A small soap bubble of radius 4 cm is trapped inside another bubble of radius
6 cm without any contact. Let p_{2} be the pressure inside the inner bubble and p_{0},
the pressure outside the outer bubble.

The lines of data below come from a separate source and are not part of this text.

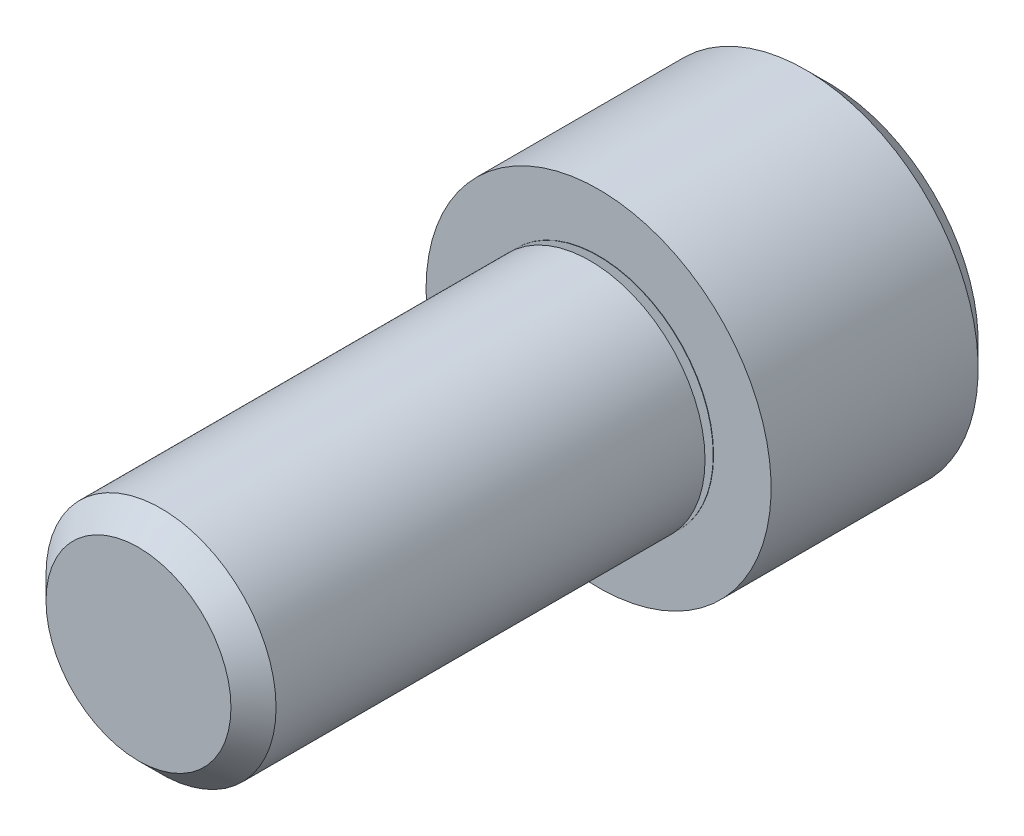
ISO-10303-21;
HEADER;
FILE_DESCRIPTION(('STEP AP214'),'2;1');
FILE_NAME('part.step','',(''),(''),'','','');
FILE_SCHEMA(('AUTOMOTIVE_DESIGN { 1 0 10303 214 1 1 1 1 }'));
ENDSEC;
DATA;
#1=APPLICATION_CONTEXT('core data for automotive mechanical design processes');
#2=APPLICATION_PROTOCOL_DEFINITION('international standard','automotive_design',2000,#1);
#3=PRODUCT_CONTEXT('',#1,'mechanical');
#4=PRODUCT('Part','Part','',(#3));
#5=PRODUCT_RELATED_PRODUCT_CATEGORY('part','',(#4));
#6=PRODUCT_DEFINITION_FORMATION('','',#4);
#7=PRODUCT_DEFINITION_CONTEXT('part definition',#1,'design');
#8=PRODUCT_DEFINITION('design','',#6,#7);
#9=PRODUCT_DEFINITION_SHAPE('','',#8);
#10=(LENGTH_UNIT() NAMED_UNIT(*) SI_UNIT(.MILLI.,.METRE.));
#11=(NAMED_UNIT(*) PLANE_ANGLE_UNIT() SI_UNIT($,.RADIAN.));
#12=(NAMED_UNIT(*) SI_UNIT($,.STERADIAN.) SOLID_ANGLE_UNIT());
#13=UNCERTAINTY_MEASURE_WITH_UNIT(LENGTH_MEASURE(1.E-05),#10,'distance_accuracy_value','');
#14=(GEOMETRIC_REPRESENTATION_CONTEXT(3) GLOBAL_UNCERTAINTY_ASSIGNED_CONTEXT((#13)) GLOBAL_UNIT_ASSIGNED_CONTEXT((#10,
#11,#12)) REPRESENTATION_CONTEXT('',''));
#15=CARTESIAN_POINT('',(0.,0.,0.));
#16=DIRECTION('',(0.,0.,1.));
#17=DIRECTION('',(1.,0.,0.));
#18=AXIS2_PLACEMENT_3D('',#15,#16,#17);
#19=CARTESIAN_POINT('',(0.,0.,-6.35));
#20=DIRECTION('',(0.,0.,1.));
#21=DIRECTION('',(1.,0.,0.));
#22=AXIS2_PLACEMENT_3D('',#19,#20,#21);
#23=PLANE('',#22);
#24=DIRECTION('',(-0.5,-0.866025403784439,0.));
#25=VECTOR('',#24,1.);
#26=CARTESIAN_POINT('',(2.74963065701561,0.,-6.35));
#27=LINE('',#26,#25);
#28=CARTESIAN_POINT('',(2.74963065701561,0.,-6.35));
#29=VERTEX_POINT('',#28);
#30=CARTESIAN_POINT('',(1.37481532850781,-2.38125,-6.35));
#31=VERTEX_POINT('',#30);
#32=EDGE_CURVE('E147',#29,#31,#27,.T.);
#33=ORIENTED_EDGE('',*,*,#32,.F.);
#34=DIRECTION('',(0.499999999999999,-0.866025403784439,0.));
#35=VECTOR('',#34,1.);
#36=CARTESIAN_POINT('',(1.37481532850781,2.38125,-6.35));
#37=LINE('',#36,#35);
#38=CARTESIAN_POINT('',(1.37481532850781,2.38125,-6.35));
#39=VERTEX_POINT('',#38);
#40=EDGE_CURVE('E66',#39,#29,#37,.T.);
#41=ORIENTED_EDGE('',*,*,#40,.F.);
#42=DIRECTION('',(1.,0.,0.));
#43=VECTOR('',#42,1.);
#44=CARTESIAN_POINT('',(-1.37481532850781,2.38125,-6.35));
#45=LINE('',#44,#43);
#46=CARTESIAN_POINT('',(-1.37481532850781,2.38125,-6.35));
#47=VERTEX_POINT('',#46);
#48=EDGE_CURVE('E160',#47,#39,#45,.T.);
#49=ORIENTED_EDGE('',*,*,#48,.F.);
#50=DIRECTION('',(0.5,0.866025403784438,0.));
#51=VECTOR('',#50,1.);
#52=CARTESIAN_POINT('',(-2.74963065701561,0.,-6.35));
#53=LINE('',#52,#51);
#54=CARTESIAN_POINT('',(-2.74963065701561,0.,-6.35));
#55=VERTEX_POINT('',#54);
#56=EDGE_CURVE('E157',#55,#47,#53,.T.);
#57=ORIENTED_EDGE('',*,*,#56,.F.);
#58=DIRECTION('',(-0.5,0.866025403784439,0.));
#59=VECTOR('',#58,1.);
#60=CARTESIAN_POINT('',(-1.37481532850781,-2.38125,-6.35));
#61=LINE('',#60,#59);
#62=CARTESIAN_POINT('',(-1.37481532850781,-2.38125,-6.35));
#63=VERTEX_POINT('',#62);
#64=EDGE_CURVE('E114',#63,#55,#61,.T.);
#65=ORIENTED_EDGE('',*,*,#64,.F.);
#66=DIRECTION('',(-1.,0.,0.));
#67=VECTOR('',#66,1.);
#68=CARTESIAN_POINT('',(1.37481532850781,-2.38125,-6.35));
#69=LINE('',#68,#67);
#70=EDGE_CURVE('E151',#31,#63,#69,.T.);
#71=ORIENTED_EDGE('',*,*,#70,.F.);
#72=EDGE_LOOP('',(#33,#41,#49,#57,#65,#71));
#73=FACE_BOUND('',#72,.T.);
#74=CARTESIAN_POINT('',(0.,0.,-6.35));
#75=DIRECTION('',(0.,0.,-1.));
#76=DIRECTION('',(-1.,0.,0.));
#77=AXIS2_PLACEMENT_3D('',#74,#75,#76);
#78=CIRCLE('',#77,4.1275);
#79=CARTESIAN_POINT('',(-4.1275,0.,-6.35));
#80=VERTEX_POINT('',#79);
#81=EDGE_CURVE('E166',#80,#80,#78,.T.);
#82=ORIENTED_EDGE('',*,*,#81,.T.);
#83=EDGE_LOOP('',(#82));
#84=FACE_BOUND('',#83,.T.);
#85=ADVANCED_FACE('F51',(#73,#84),#23,.F.);
#86=CARTESIAN_POINT('',(-2.55269999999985,0.,12.7));
#87=DIRECTION('',(0.,0.,-1.));
#88=DIRECTION('',(-1.,0.,0.));
#89=AXIS2_PLACEMENT_3D('',#86,#87,#88);
#90=PLANE('',#89);
#91=CARTESIAN_POINT('',(0.,0.,12.7));
#92=DIRECTION('',(0.,0.,-1.));
#93=DIRECTION('',(-1.,0.,0.));
#94=AXIS2_PLACEMENT_3D('',#91,#92,#93);
#95=CIRCLE('',#94,2.55270000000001);
#96=CARTESIAN_POINT('',(-2.55270000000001,0.,12.7));
#97=VERTEX_POINT('',#96);
#98=EDGE_CURVE('E11',#97,#97,#95,.T.);
#99=ORIENTED_EDGE('',*,*,#98,.F.);
#100=EDGE_LOOP('',(#99));
#101=FACE_BOUND('',#100,.T.);
#102=ADVANCED_FACE('F216',(#101),#90,.F.);
#103=CARTESIAN_POINT('',(0.,0.,12.7));
#104=DIRECTION('',(0.,0.,-1.));
#105=DIRECTION('',(-1.,0.,0.));
#106=AXIS2_PLACEMENT_3D('',#103,#104,#105);
#107=CONICAL_SURFACE('',#106,2.55270000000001,0.785398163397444);
#108=CARTESIAN_POINT('',(0.,0.,12.0777));
#109=DIRECTION('',(0.,0.,-1.));
#110=DIRECTION('',(-1.,0.,0.));
#111=AXIS2_PLACEMENT_3D('',#108,#109,#110);
#112=CIRCLE('',#111,3.17500000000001);
#113=CARTESIAN_POINT('',(-3.17500000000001,0.,12.0777));
#114=VERTEX_POINT('',#113);
#115=EDGE_CURVE('E59',#114,#114,#112,.T.);
#116=ORIENTED_EDGE('',*,*,#115,.F.);
#117=EDGE_LOOP('',(#116));
#118=FACE_BOUND('',#117,.T.);
#119=ORIENTED_EDGE('',*,*,#98,.T.);
#120=EDGE_LOOP('',(#119));
#121=FACE_BOUND('',#120,.T.);
#122=ADVANCED_FACE('F213',(#118,#121),#107,.T.);
#123=CARTESIAN_POINT('',(0.,0.,-10.585154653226));
#124=DIRECTION('',(0.,0.,-1.));
#125=DIRECTION('',(-1.,0.,0.));
#126=AXIS2_PLACEMENT_3D('',#123,#124,#125);
#127=CYLINDRICAL_SURFACE('',#126,3.17500000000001);
#128=CARTESIAN_POINT('',(0.,0.,0.236498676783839));
#129=DIRECTION('',(0.,0.,-1.));
#130=DIRECTION('',(-1.,0.,0.));
#131=AXIS2_PLACEMENT_3D('',#128,#129,#130);
#132=CIRCLE('',#131,3.17500000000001);
#133=CARTESIAN_POINT('',(-3.17500000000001,0.,0.236498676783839));
#134=VERTEX_POINT('',#133);
#135=EDGE_CURVE('E203',#134,#134,#132,.T.);
#136=ORIENTED_EDGE('',*,*,#135,.F.);
#137=EDGE_LOOP('',(#136));
#138=FACE_BOUND('',#137,.T.);
#139=ORIENTED_EDGE('',*,*,#115,.T.);
#140=EDGE_LOOP('',(#139));
#141=FACE_BOUND('',#140,.T.);
#142=ADVANCED_FACE('F211',(#138,#141),#127,.T.);
#143=CARTESIAN_POINT('',(0.,0.,0.236498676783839));
#144=DIRECTION('',(0.,0.,1.));
#145=DIRECTION('',(1.,0.,0.));
#146=AXIS2_PLACEMENT_3D('',#143,#144,#145);
#147=CONICAL_SURFACE('',#146,3.17500000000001,1.22173047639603);
#148=CARTESIAN_POINT('',(0.,0.,0.0487938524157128));
#149=DIRECTION('',(0.,0.,-1.));
#150=DIRECTION('',(-1.,0.,0.));
#151=AXIS2_PLACEMENT_3D('',#148,#149,#150);
#152=CIRCLE('',#151,2.65928523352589);
#153=CARTESIAN_POINT('',(-2.65928523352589,0.,0.0487938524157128));
#154=VERTEX_POINT('',#153);
#155=EDGE_CURVE('E199',#154,#154,#152,.T.);
#156=ORIENTED_EDGE('',*,*,#155,.F.);
#157=EDGE_LOOP('',(#156));
#158=FACE_BOUND('',#157,.T.);
#159=ORIENTED_EDGE('',*,*,#135,.T.);
#160=EDGE_LOOP('',(#159));
#161=FACE_BOUND('',#160,.T.);
#162=ADVANCED_FACE('F228',(#158,#161),#147,.T.);
#163=CARTESIAN_POINT('',(0.,0.,0.0300000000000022));
#164=DIRECTION('',(0.,0.,-1.));
#165=DIRECTION('',(-1.,0.,0.));
#166=AXIS2_PLACEMENT_3D('',#163,#164,#165);
#167=TOROIDAL_SURFACE('',#166,2.6661256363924,0.0199999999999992);
#168=CARTESIAN_POINT('',(0.,0.,0.0100000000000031));
#169=DIRECTION('',(0.,0.,-1.));
#170=DIRECTION('',(-1.,0.,0.));
#171=AXIS2_PLACEMENT_3D('',#168,#169,#170);
#172=CIRCLE('',#171,2.6661256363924);
#173=CARTESIAN_POINT('',(-2.6661256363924,0.,0.0100000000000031));
#174=VERTEX_POINT('',#173);
#175=EDGE_CURVE('E195',#174,#174,#172,.T.);
#176=ORIENTED_EDGE('',*,*,#175,.F.);
#177=EDGE_LOOP('',(#176));
#178=FACE_BOUND('',#177,.T.);
#179=ORIENTED_EDGE('',*,*,#155,.T.);
#180=EDGE_LOOP('',(#179));
#181=FACE_BOUND('',#180,.T.);
#182=ADVANCED_FACE('F232',(#178,#181),#167,.F.);
#183=CARTESIAN_POINT('',(-3.17500000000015,0.,0.00999999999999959));
#184=DIRECTION('',(0.,0.,-1.));
#185=DIRECTION('',(-1.,0.,0.));
#186=AXIS2_PLACEMENT_3D('',#183,#184,#185);
#187=PLANE('',#186);
#188=CARTESIAN_POINT('',(0.,0.,0.00999999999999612));
#189=DIRECTION('',(0.,0.,-1.));
#190=DIRECTION('',(-1.,0.,0.));
#191=AXIS2_PLACEMENT_3D('',#188,#189,#190);
#192=CIRCLE('',#191,3.175);
#193=CARTESIAN_POINT('',(-3.175,0.,0.00999999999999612));
#194=VERTEX_POINT('',#193);
#195=EDGE_CURVE('E191',#194,#194,#192,.T.);
#196=ORIENTED_EDGE('',*,*,#195,.F.);
#197=EDGE_LOOP('',(#196));
#198=FACE_BOUND('',#197,.T.);
#199=ORIENTED_EDGE('',*,*,#175,.T.);
#200=EDGE_LOOP('',(#199));
#201=FACE_BOUND('',#200,.T.);
#202=ADVANCED_FACE('F236',(#198,#201),#187,.F.);
#203=CARTESIAN_POINT('',(0.,0.,-10.585154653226));
#204=DIRECTION('',(0.,0.,-1.));
#205=DIRECTION('',(-1.,0.,0.));
#206=AXIS2_PLACEMENT_3D('',#203,#204,#205);
#207=CYLINDRICAL_SURFACE('',#206,3.175);
#208=CARTESIAN_POINT('',(0.,0.,0.));
#209=DIRECTION('',(0.,0.,-1.));
#210=DIRECTION('',(-1.,0.,0.));
#211=AXIS2_PLACEMENT_3D('',#208,#209,#210);
#212=CIRCLE('',#211,3.175);
#213=CARTESIAN_POINT('',(-3.175,0.,0.));
#214=VERTEX_POINT('',#213);
#215=EDGE_CURVE('E187',#214,#214,#212,.T.);
#216=ORIENTED_EDGE('',*,*,#215,.F.);
#217=EDGE_LOOP('',(#216));
#218=FACE_BOUND('',#217,.T.);
#219=ORIENTED_EDGE('',*,*,#195,.T.);
#220=EDGE_LOOP('',(#219));
#221=FACE_BOUND('',#220,.T.);
#222=ADVANCED_FACE('F240',(#218,#221),#207,.T.);
#223=CARTESIAN_POINT('',(-4.7625,0.,0.));
#224=DIRECTION('',(0.,0.,-1.));
#225=DIRECTION('',(-1.,0.,0.));
#226=AXIS2_PLACEMENT_3D('',#223,#224,#225);
#227=PLANE('',#226);
#228=CARTESIAN_POINT('',(0.,0.,0.));
#229=DIRECTION('',(0.,0.,-1.));
#230=DIRECTION('',(-1.,0.,0.));
#231=AXIS2_PLACEMENT_3D('',#228,#229,#230);
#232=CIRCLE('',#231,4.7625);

Radius of another bubble with pressure
difference p_{2}-p_{0} between its inside and outside would be :

  • Option 1)

    12 cm

  • Option 2)

    2.4 cm

  • Option 3)

    6 cm

  • Option 4)

    4.8 cm

 

Answers (1)

best_answer

As we have learned

Change in Pressure of bubble in air -

\Delta P=\left ( \frac{2T}{R} \right )\times 2= \frac{4T}{R}

- wherein

T- Temperature

R- Radius

 

p_{2}-p_{1}=\frac{4s}{R}_{1}

p_{1}-p_{0}=\frac{4s}{R}_{2}

p_{2}-p_{0}={4s} \left ( \frac{1}{R_{1}}+\frac{1}{R_{2}} \right ) 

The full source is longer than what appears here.